(WHAT IS REQUIRED):
Restate word for word the opening line of the data below and every line after it until the line with "176.784 42.164 90)", that line too, but not the pictures.

(Records from a dataset)
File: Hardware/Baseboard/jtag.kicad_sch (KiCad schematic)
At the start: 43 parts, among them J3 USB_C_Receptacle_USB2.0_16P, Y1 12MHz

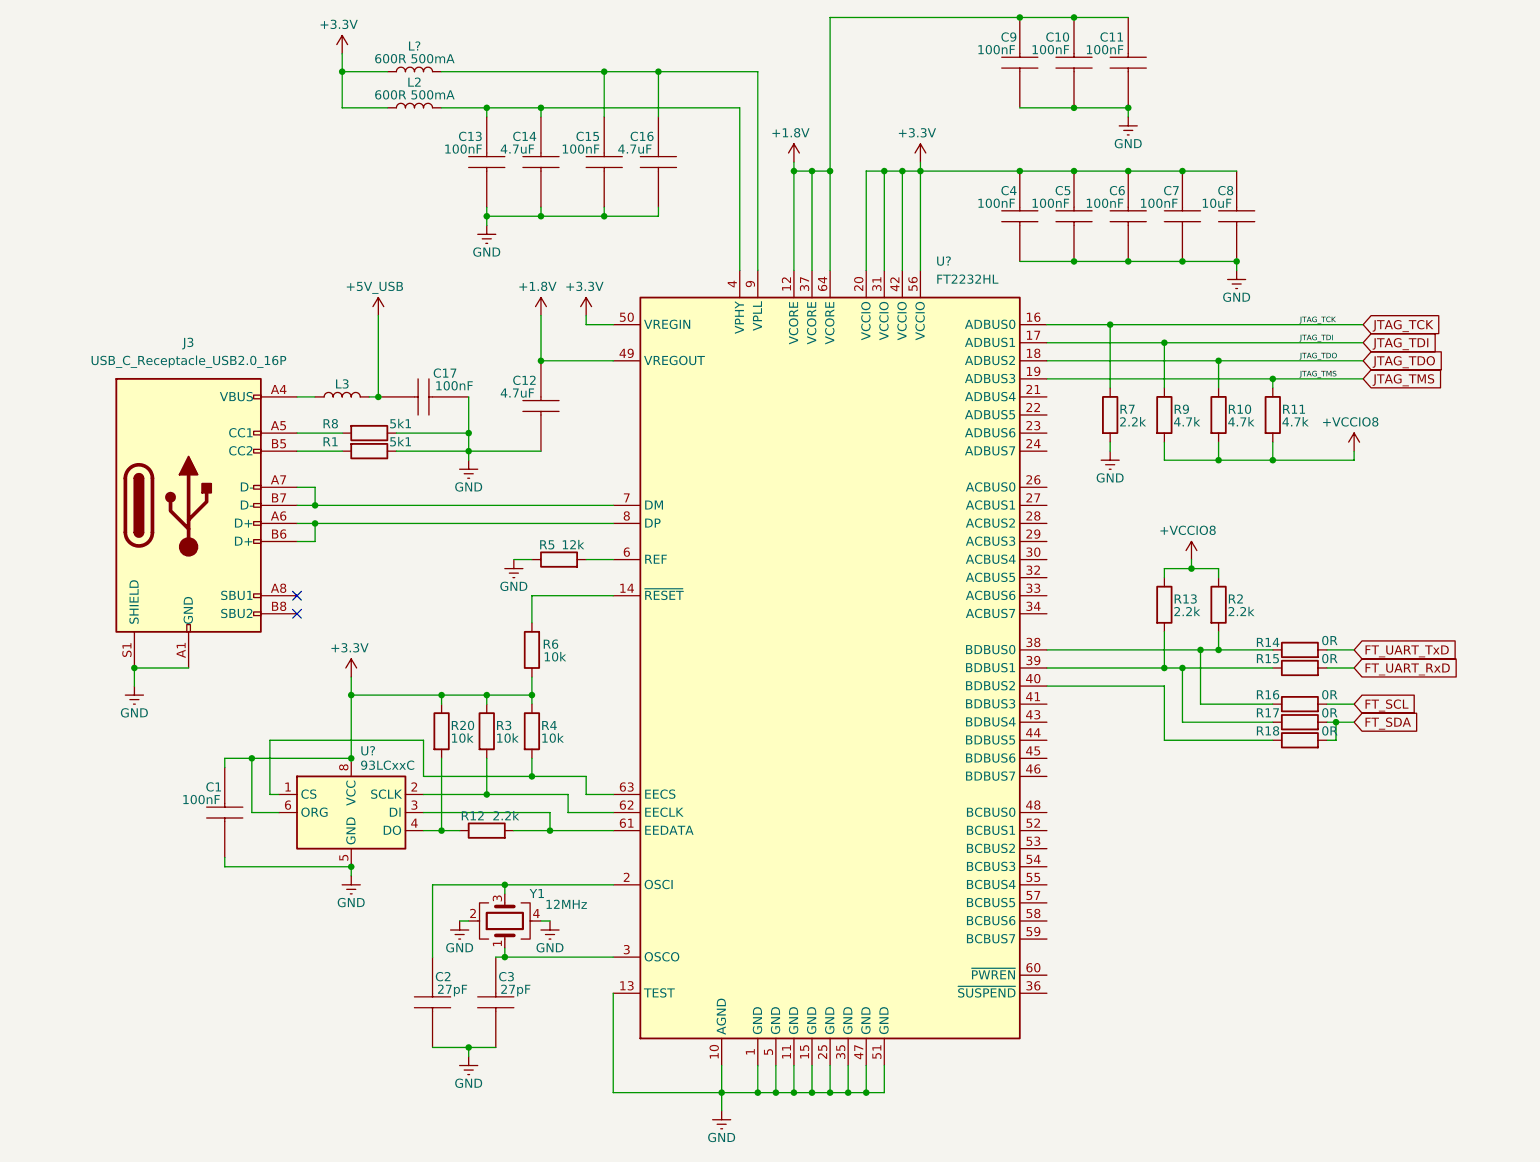
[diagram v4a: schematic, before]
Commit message: PCIe M.2 connector changed
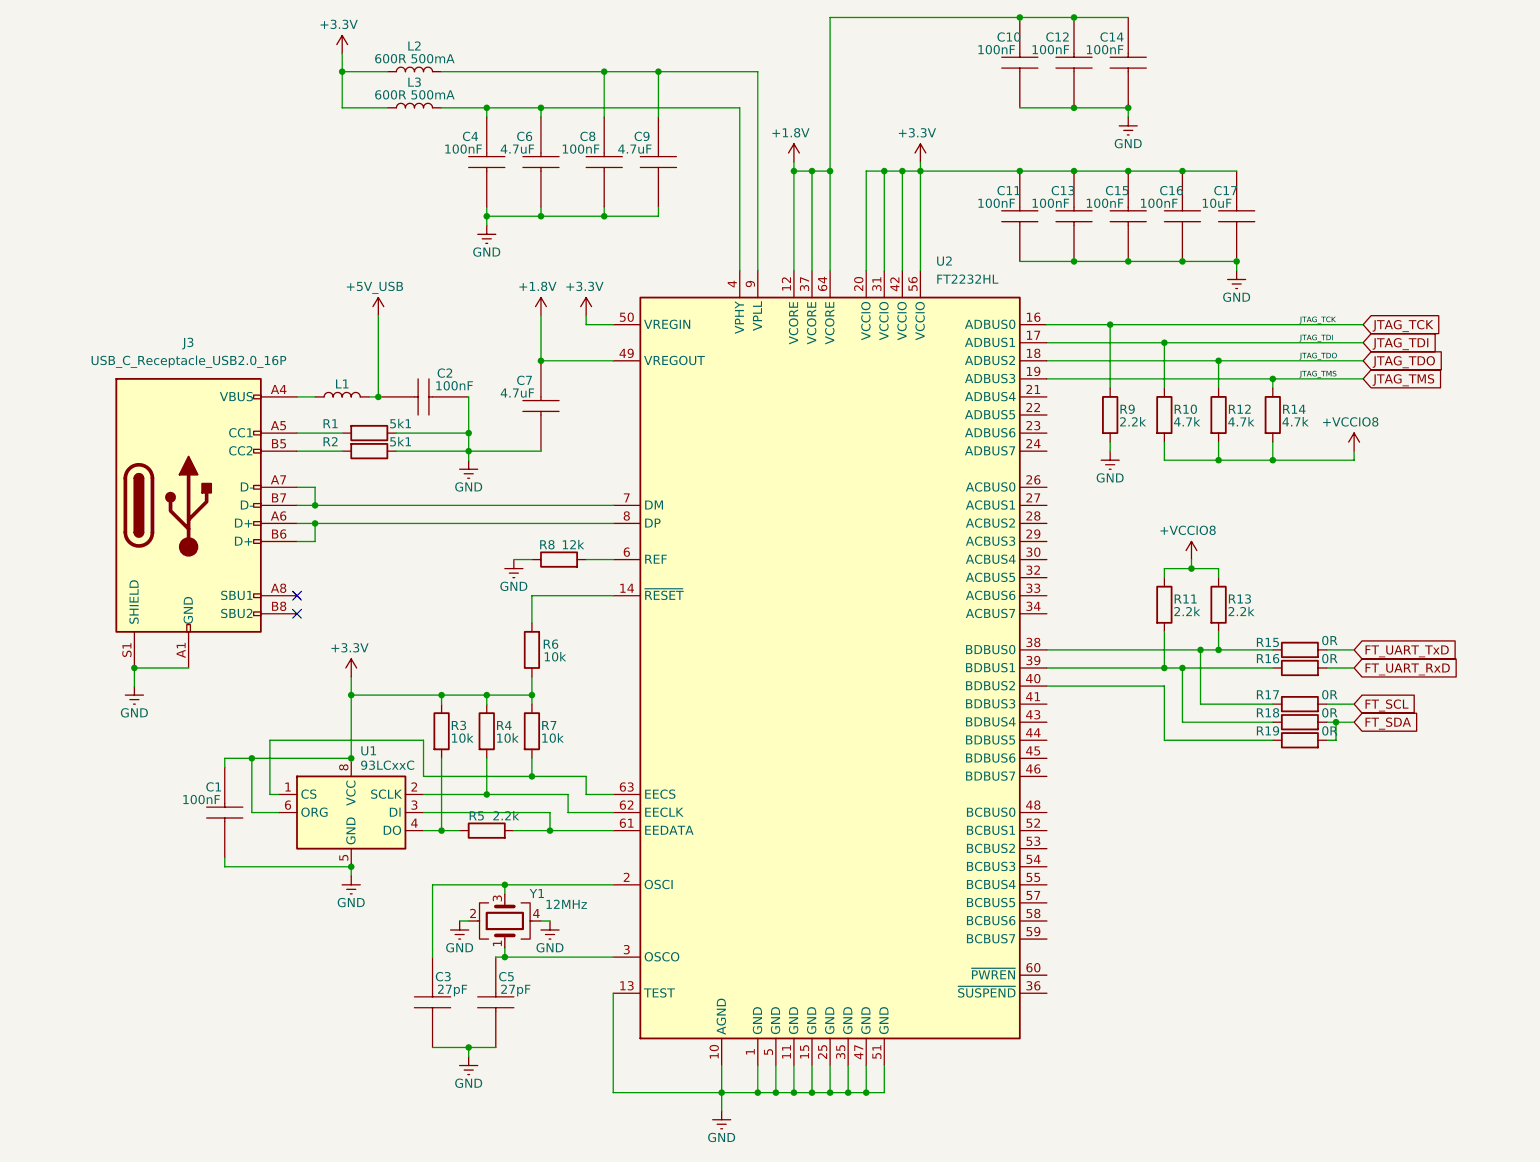
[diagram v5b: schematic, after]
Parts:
- gave numbers to parts that had none: 3
- renumbered C9 to C10, C4 to C11, C10 to C12, C5 to C13, C11 to C14, C6 to C15, C7 to C16, C8 to C17, C17 to C2, C2 to C3, C13 to C4, C3 to C5, C14 to C6, C12 to C7, C15 to C8, C16 to C9, L3 to L1, L2 to L3, R8 to R1, R9 to R10, R13 to R11, R10 to R12, R2 to R13, R11 to R14, R14 to R15, R15 to R16, R16 to R17, R17 to R18, R18 to R19, R1 to R2, R20 to R3, R3 to R4, R12 to R5, R4 to R7, R5 to R8, R7 to R9

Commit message: BB: PCIe update
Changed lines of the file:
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@@
 		(dnp no)
 		(property "Reference" "C16"
-			(at 192.786 42.164 90)
+			(at 192.278 42.164 90)
 			(effects
 				(font
@@
 		(dnp no)
 		(property "Reference" "C15"
-			(at 185.166 42.164 90)
+			(at 184.404 42.164 90)
 			(effects
 				(font
@@
 		(dnp no)
 		(property "Reference" "C13"
-			(at 177.546 42.164 90)
+			(at 176.784 42.164 90)
 			(effects
 				(font
@@
 		(dnp no)
 		(property "Reference" "C17"
-			(at 200.406 42.164 90)
+			(at 199.644 42.164 90)
 			(effects
 				(font
@@
 		(dnp no)
 		(property "Reference" "C11"
-			(at 169.926 42.164 90)
+			(at 169.418 42.164 90)
 			(effects
 				(font

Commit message: SOM: power supplies
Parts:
- R9: value 2.2k -> 4.7k; MPN 560112110087 -> 560112110245
- U2: MPN (none) -> FT2232HL-REEL; Manufacturer (none) -> FTDI
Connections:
- net +VCCIO8 is gone; now on net +3.3V: R10.2, R11.1, R12.2, R13.1, R14.2
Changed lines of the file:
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@@
 	)
 	(symbol
-		(lib_id "Device:R")
-		(at 184.15 73.66 0)
-		(unit 1)
-		(exclude_from_sim no)
-		(in_bom yes)
-		(on_board yes)
-		(dnp no)
-		(property "Reference" "R9"
-			(at 185.42 72.898 0)
-			(effects
-				(font
-					(size 1.27 1.27)
-				)
-				(justify left)
-			)
-		)
-		(property "Value" "2.2k"
-			(at 185.42 74.676 0)
-			(effects
-				(font
-					(size 1.27 1.27)
-				)
-				(justify left)
-			)
-		)
-		(property "Footprint" "Resistor_SMD:R_0402_1005Metric"
-			(at 182.372 73.66 90)
-			(effects
-				(font
-					(size 1.27 1.27)
-				)
-				(hide yes)
-			)
-		)
-		(property "Datasheet" "~"
-			(at 184.15 73.66 0)
-			(effects
-				(font
-					(size 1.27 1.27)
-				)
-				(hide yes)
-			)
-		)
-		(property "Description" "Resistor"
-			(at 184.15 73.66 0)
-			(effects
-				(font
-					(size 1.27 1.27)
-				)
-				(hide yes)
-			)
-		)
-		(property "Manufacturer" "Würth Elektronik"
-			(at 184.15 73.66 0)
-			(effects
-				(font
-					(size 1.27 1.27)
-				)
-				(hide yes)
-			)
-		)
-		(property "MPN" " 560112110087"
-			(at 184.15 73.66 0)
-			(effects
-				(font
-					(size 1.27 1.27)
-				)
-				(hide yes)
-			)
-		)
-		(pin "1"
-		)
-		(pin "2"
-		)
-		(instances
-			(project "FPGA4RISCV_BB"
-				(path "/de32abb0-ff3b-4c67-a91a-eed08140b1b2/e8a9a6a8-2e08-4606-b058-44f01919fc3b"
-					(reference "R9")
-					(unit 1)
-				)
-			)
-		)
-	)
-	(symbol
 		(lib_id "power:GNDREF")
 		(at 184.15 78.74 0)
@@
 	)
 	(symbol
-		(lib_id "power:+5V")
-		(at 195.58 93.98 0)
-		(unit 1)
-		(exclude_from_sim no)
-		(in_bom yes)
-		(on_board yes)
-		(dnp no)
-		(property "Reference" "#PWR022"
-			(at 195.58 97.79 0)
-			(effects
-				(font
-					(size 1.27 1.27)
-				)
-				(hide yes)
-			)
-		)
-		(property "Value" "+VCCIO8"
-			(at 195.072 89.916 0)
-			(effects
-				(font
-					(size 1.27 1.27)
-				)
-			)
-		)
-		(property "Footprint" ""
-			(at 195.58 93.98 0)
-			(effects
-				(font
-					(size 1.27 1.27)
-				)
-				(hide yes)
-			)
-		)
-		(property "Datasheet" ""
-			(at 195.58 93.98 0)
-			(effects
-				(font
-					(size 1.27 1.27)
-				)
-				(hide yes)
-			)
-		)
-		(property "Description" "Power symbol creates a global label with name \"+5V\""
-			(at 195.58 93.98 0)
-			(effects
-				(font
-					(size 1.27 1.27)
-				)
-				(hide yes)
-			)
-		)
-		(pin "1"
-		)
-		(instances
-			(project "FPGA4RISCV_BB"
-				(path "/de32abb0-ff3b-4c67-a91a-eed08140b1b2/e8a9a6a8-2e08-4606-b058-44f01919fc3b"
-					(reference "#PWR022")
-					(unit 1)
-				)
-			)
-		)
-	)
-	(symbol
 		(lib_id "power:GNDREF")
 		(at 92.71 144.78 0)
@@
 	(symbol
 		(lib_id "Device:R")
+		(at 184.15 73.66 0)
+		(unit 1)
+		(exclude_from_sim no)
+		(in_bom yes)
+		(on_board yes)
+		(dnp no)
+		(property "Reference" "R9"
+			(at 185.42 72.898 0)
+			(effects
+				(font
+					(size 1.27 1.27)
+				)
+				(justify left)
+			)
+		)
+		(property "Value" "4.7k"
+			(at 185.42 74.676 0)
+			(effects
+				(font
+					(size 1.27 1.27)
+				)
+				(justify left)
+			)
+		)
+		(property "Footprint" "Resistor_SMD:R_0402_1005Metric"
+			(at 182.372 73.66 90)
+			(effects
+				(font
+					(size 1.27 1.27)
+				)
+				(hide yes)
+			)
+		)
+		(property "Datasheet" "~"
+			(at 184.15 73.66 0)
+			(effects
+				(font
+					(size 1.27 1.27)
+				)
+				(hide yes)
+			)
+		)
+		(property "Description" "Resistor"
+			(at 184.15 73.66 0)
+			(effects
+				(font
+					(size 1.27 1.27)
+				)
+				(hide yes)
+			)
+		)
+		(property "Manufacturer" "Würth Elektronik"
+			(at 184.15 73.66 0)
+			(effects
+				(font
+					(size 1.27 1.27)
+				)
+				(hide yes)
+			)
+		)
+		(property "MPN" "560112110245"
+			(at 184.15 73.66 0)
+			(effects
+				(font
+					(size 1.27 1.27)
+				)
+				(hide yes)
+			)
+		)
+		(pin "1"
+		)
+		(pin "2"
+		)
+		(instances
+			(project "FPGA4RISCV_BB"
+				(path "/de32abb0-ff3b-4c67-a91a-eed08140b1b2/e8a9a6a8-2e08-4606-b058-44f01919fc3b"
+					(reference "R9")
+					(unit 1)
+				)
+			)
+		)
+	)
+	(symbol
+		(lib_id "Device:R")
 		(at 210.82 109.22 90)
 		(unit 1)
@@
 			)
 		)
+		(property "Manufacturer" "FTDI"
+			(at 144.78 109.22 0)
+			(effects
+				(font
+					(size 1.27 1.27)
+				)
+				(hide yes)
+			)
+		)
+		(property "MPN" " FT2232HL-REEL"
+			(at 144.78 109.22 0)
+			(effects
+				(font
+					(size 1.27 1.27)
+				)
+				(hide yes)
+			)
+		)
 		(pin "21"
 		)
@@
 	)
 	(symbol
-		(lib_id "power:+5V")
-		(at 218.44 78.74 0)
-		(unit 1)
-		(exclude_from_sim no)
-		(in_bom yes)
-		(on_board yes)
-		(dnp no)
-		(property "Reference" "#PWR024"
-			(at 218.44 82.55 0)
-			(effects
-				(font
-					(size 1.27 1.27)
-				)
-				(hide yes)
-			)
-		)
-		(property "Value" "+VCCIO8"
-			(at 217.932 74.676 0)
-			(effects
-				(font
-					(size 1.27 1.27)
-				)
-			)
-		)
-		(property "Footprint" ""
-			(at 218.44 78.74 0)
-			(effects
-				(font
-					(size 1.27 1.27)
-				)
-				(hide yes)
-			)
-		)
-		(property "Datasheet" ""
-			(at 218.44 78.74 0)
-			(effects
-				(font
-					(size 1.27 1.27)
-				)
-				(hide yes)
-			)
-		)
-		(property "Description" "Power symbol creates a global label with name \"+5V\""
-			(at 218.44 78.74 0)
-			(effects
-				(font
-					(size 1.27 1.27)
-				)
-				(hide yes)
-			)
-		)
-		(pin "1"
-		)
-		(instances
-			(project "FPGA4RISCV_BB"
-				(path "/de32abb0-ff3b-4c67-a91a-eed08140b1b2/e8a9a6a8-2e08-4606-b058-44f01919fc3b"
-					(reference "#PWR024")
-					(unit 1)
-				)
-			)
-		)
-	)
-	(symbol
 		(lib_id "RA8M1:885012205092")
 		(at 120.65 44.45 90)
@@
 	)
 	(symbol
+		(lib_id "power:+5V")
+		(at 218.44 78.74 0)
+		(unit 1)
+		(exclude_from_sim no)
+		(in_bom yes)
+		(on_board yes)
+		(dnp no)
+		(property "Reference" "#PWR033"
+			(at 218.44 82.55 0)
+			(effects
+				(font
+					(size 1.27 1.27)
+				)
+				(hide yes)
+			)
+		)
+		(property "Value" "+3.3V"
+			(at 217.932 74.676 0)
+			(effects
+				(font
+					(size 1.27 1.27)
+				)
+			)
+		)
+		(property "Footprint" ""
+			(at 218.44 78.74 0)
+			(effects
+				(font
+					(size 1.27 1.27)
+				)
+				(hide yes)
+			)
+		)
+		(property "Datasheet" ""
+			(at 218.44 78.74 0)
+			(effects
+				(font
+					(size 1.27 1.27)
+				)
+				(hide yes)
+			)
+		)
+		(property "Description" "Power symbol creates a global label with name \"+5V\""
+			(at 218.44 78.74 0)
+			(effects
+				(font
+					(size 1.27 1.27)
+				)
+				(hide yes)
+			)
+		)
+		(pin "1"
+		)
+		(instances
+			(project "FPGA4RISCV_BB"
+				(path "/de32abb0-ff3b-4c67-a91a-eed08140b1b2/e8a9a6a8-2e08-4606-b058-44f01919fc3b"
+					(reference "#PWR033")
+					(unit 1)
+				)
+			)
+		)
+	)
+	(symbol
 		(lib_id "Device:L")
 		(at 86.36 25.4 90)
@@
 					(unit 1)
 				)
+			)
+		)
+	)
+	(symbol
+		(lib_id "power:+5V")
+		(at 195.58 93.98 0)
+		(unit 1)
+		(exclude_from_sim no)
+		(in_bom yes)
+		(on_board yes)
+		(dnp no)
+		(property "Reference" "#PWR022"
+			(at 195.58 97.79 0)
+			(effects
+				(font
+					(size 1.27 1.27)
+				)
+				(hide yes)
+			)
+		)
+		(property "Value" "+3.3V"
+			(at 195.072 89.916 0)
+			(effects
+				(font
+					(size 1.27 1.27)
+				)
+			)
+		)
+		(property "Footprint" ""
+			(at 195.58 93.98 0)
+			(effects
+				(font
+					(size 1.27 1.27)
+				)
+				(hide yes)
+			)
+		)
+		(property "Datasheet" ""
+			(at 195.58 93.98 0)
+			(effects
+				(font
+					(size 1.27 1.27)
+				)
+				(hide yes)
+			)
+		)
+		(property "Description" "Power symbol creates a global label with name \"+5V\""
+			(at 195.58 93.98 0)
+			(effects
+				(font
+					(size 1.27 1.27)
+				)
+				(hide yes)
+			)
+		)
+		(pin "1"
+		)
+		(instances
+			(project "FPGA4RISCV_BB"
+				(path "/de32abb0-ff3b-4c67-a91a-eed08140b1b2/e8a9a6a8-2e08-4606-b058-44f01919fc3b"
+					(reference "#PWR022")
+					(unit 1)
+				)

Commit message: BB schematics: PS
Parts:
- removed C2: 100nF, Capacitor_SMD:C_0402_1005Metric, symbol RA8M1:885012205092
- removed L1: 600R 500mA, symbol Device:L
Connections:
- net +5V_USB: now also J3.A4 (VBUS), J3.A9 (VBUS), J3.B4 (VBUS), J3.B9 (VBUS)
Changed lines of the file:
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@@
 	)
 	(junction
-		(at 81.28 71.12)
-		(diameter 0)
-		(color 0 0 0 0)
-	)
-	(junction
 		(at 96.52 113.03)
 		(diameter 0)
@@
 	(wire
 		(pts
-			(xy 69.85 71.12) (xy 72.39 71.12)
+			(xy 69.85 71.12) (xy 78.74 71.12)
 		)
 		(stroke
@@
 	(wire
 		(pts
-			(xy 81.28 59.69) (xy 81.28 71.12)
+			(xy 78.74 66.04) (xy 78.74 71.12)
 		)
 		(stroke
@@
 	(wire
 		(pts
-			(xy 81.28 71.12) (xy 80.01 71.12)
-		)
-		(stroke
-			(width 0)
-			(type default)
-		)
-	)
-	(wire
-		(pts
 			(xy 144.78 165.1) (xy 144.78 168.91)
 		)
@@
 	(symbol
 		(lib_id "power:+5V")
-		(at 81.28 59.69 0)
+		(at 78.74 66.04 0)
 		(unit 1)
 		(exclude_from_sim no)
@@
 		(dnp no)
 		(property "Reference" "#PWR08"
-			(at 81.28 63.5 0)
+			(at 78.74 69.85 0)
 			(effects
 				(font
@@
 		)
 		(property "Value" "+5V_USB"
-			(at 80.772 55.626 0)
+			(at 78.232 61.976 0)
 			(effects
 				(font
@@
 		)
 		(property "Footprint" ""
-			(at 81.28 59.69 0)
+			(at 78.74 66.04 0)
 			(effects
 				(font
@@
 		)
 		(property "Datasheet" ""
-			(at 81.28 59.69 0)
+			(at 78.74 66.04 0)
 			(effects
 				(font
@@
 		)
 		(property "Description" "Power symbol creates a global label with name \"+5V\""
-			(at 81.28 59.69 0)
+			(at 78.74 66.04 0)
 			(effects
 				(font
@@
 	)
 	(symbol
-		(lib_id "RA8M1:885012205092")
-		(at 81.28 71.12 0)
-		(unit 1)
-		(exclude_from_sim no)
-		(in_bom yes)
-		(on_board yes)
-		(dnp no)
-		(property "Reference" "C2"
-			(at 90.678 67.818 0)
-			(effects
-				(font
-					(size 1.27 1.27)
-				)
-			)
-		)
-		(property "Value" "100nF"
-			(at 91.948 69.596 0)
-			(effects
-				(font
-					(size 1.27 1.27)
-				)
-			)
-		)
-		(property "Footprint" "Capacitor_SMD:C_0402_1005Metric"
-			(at 90.17 69.85 0)
-			(effects
-				(font
-					(size 1.27 1.27)
-				)
-				(justify left)
-				(hide yes)
-			)
-		)
-		(property "Datasheet" ""
-			(at 90.17 72.39 0)
-			(effects
-				(font
-					(size 1.27 1.27)
-				)
-				(justify left)
-				(hide yes)
-			)
-		)
-		(property "Description" ""
-			(at 90.17 74.93 0)
-			(effects
-				(font
-					(size 1.27 1.27)
-				)
-				(justify left)
-				(hide yes)
-			)
-		)
-		(property "Height" "0.7"
-			(at 90.17 77.47 0)
-			(effects
-				(font
-					(size 1.27 1.27)
-				)
-				(justify left)
-				(hide yes)
-			)
-		)
-		(property "Manufacturer" "Wurth Elektronik"
-			(at 90.17 85.09 0)
-			(effects
-				(font
-					(size 1.27 1.27)
-				)
-				(justify left)
-				(hide yes)
-			)
-		)
-		(property "MPN" "885012205092"
-			(at 90.17 87.63 0)
-			(effects
-				(font
-					(size 1.27 1.27)
-				)
-				(justify left)
-				(hide yes)
-			)
-		)
-		(pin "1"
-		)
-		(pin "2"
-		)
-		(instances
-			(project "FPGA4RISCV_BB"
-				(path "/de32abb0-ff3b-4c67-a91a-eed08140b1b2/e8a9a6a8-2e08-4606-b058-44f01919fc3b"
-					(reference "C2")
-					(unit 1)
-				)
-			)
-		)
-	)
-	(symbol
 		(lib_id "Device:R")
 		(at 102.87 118.11 0)
@@
 					(unit 1)
 				)
-			)
-		)
-	)
-	(symbol
-		(lib_id "Device:L")
-		(at 76.2 71.12 90)
-		(unit 1)
-		(exclude_from_sim no)
-		(in_bom yes)
-		(on_board yes)
-		(dnp no)
-		(property "Reference" "L1"
-			(at 76.2 69.342 90)
-			(effects
-				(font
-					(size 1.27 1.27)
-				)
-			)
-		)
-		(property "Value" "600R 500mA"
-			(at 76.2 69.342 90)
-			(effects
-				(font
-					(size 1.27 1.27)
-				)
-				(hide yes)
-			)
-		)
-		(property "Footprint" ""
-			(at 76.2 71.12 0)
-			(effects
-				(font
-					(size 1.27 1.27)
-				)
-				(hide yes)
-			)
-		)
-		(property "Datasheet" "~"
-			(at 76.2 71.12 0)
-			(effects
-				(font
-					(size 1.27 1.27)
-				)
-				(hide yes)
-			)
-		)
-		(property "Description" "Inductor"
-			(at 76.2 71.12 0)
-			(effects
-				(font
-					(size 1.27 1.27)
-				)
-				(hide yes)
-			)
-		)
-		(property "Manufacturer" "Wurth Elektronik"
-			(at 76.2 71.12 0)
-			(effects
-				(font
-					(size 1.27 1.27)
-				)
-				(hide yes)
-			)
-		)
-		(property "MPN" "560112110245"
-			(at 76.2 71.12 0)
-			(effects
-				(font
-					(size 1.27 1.27)
-				)
-				(hide yes)
-			)
-		)
-		(pin "2"
-		)
-		(pin "1"
-		)
-		(instances
-			(project "FPGA4RISCV_BB"
-				(path "/de32abb0-ff3b-4c67-a91a-eed08140b1b2/e8a9a6a8-2e08-4606-b058-44f01919fc3b"
-					(reference "L1")
-					(unit 1)
-				)

(TASK OUTPUT):
File: Hardware/Baseboard/jtag.kicad_sch (KiCad schematic)
At the start: 43 parts, among them J3 USB_C_Receptacle_USB2.0_16P, Y1 12MHz

[diagram v4a: schematic, before]
Commit message: PCIe M.2 connector changed
[diagram v5b: schematic, after]
Parts:
- gave numbers to parts that had none: 3
- renumbered C9 to C10, C4 to C11, C10 to C12, C5 to C13, C11 to C14, C6 to C15, C7 to C16, C8 to C17, C17 to C2, C2 to C3, C13 to C4, C3 to C5, C14 to C6, C12 to C7, C15 to C8, C16 to C9, L3 to L1, L2 to L3, R8 to R1, R9 to R10, R13 to R11, R10 to R12, R2 to R13, R11 to R14, R14 to R15, R15 to R16, R16 to R17, R17 to R18, R18 to R19, R1 to R2, R20 to R3, R3 to R4, R12 to R5, R4 to R7, R5 to R8, R7 to R9

Commit message: BB: PCIe update
Changed lines of the file:
@@
 		(dnp no)
 		(property "Reference" "C16"
-			(at 192.786 42.164 90)
+			(at 192.278 42.164 90)
 			(effects
 				(font
@@
 		(dnp no)
 		(property "Reference" "C15"
-			(at 185.166 42.164 90)
+			(at 184.404 42.164 90)
 			(effects
 				(font
@@
 		(dnp no)
 		(property "Reference" "C13"
-			(at 177.546 42.164 90)
+			(at 176.784 42.164 90)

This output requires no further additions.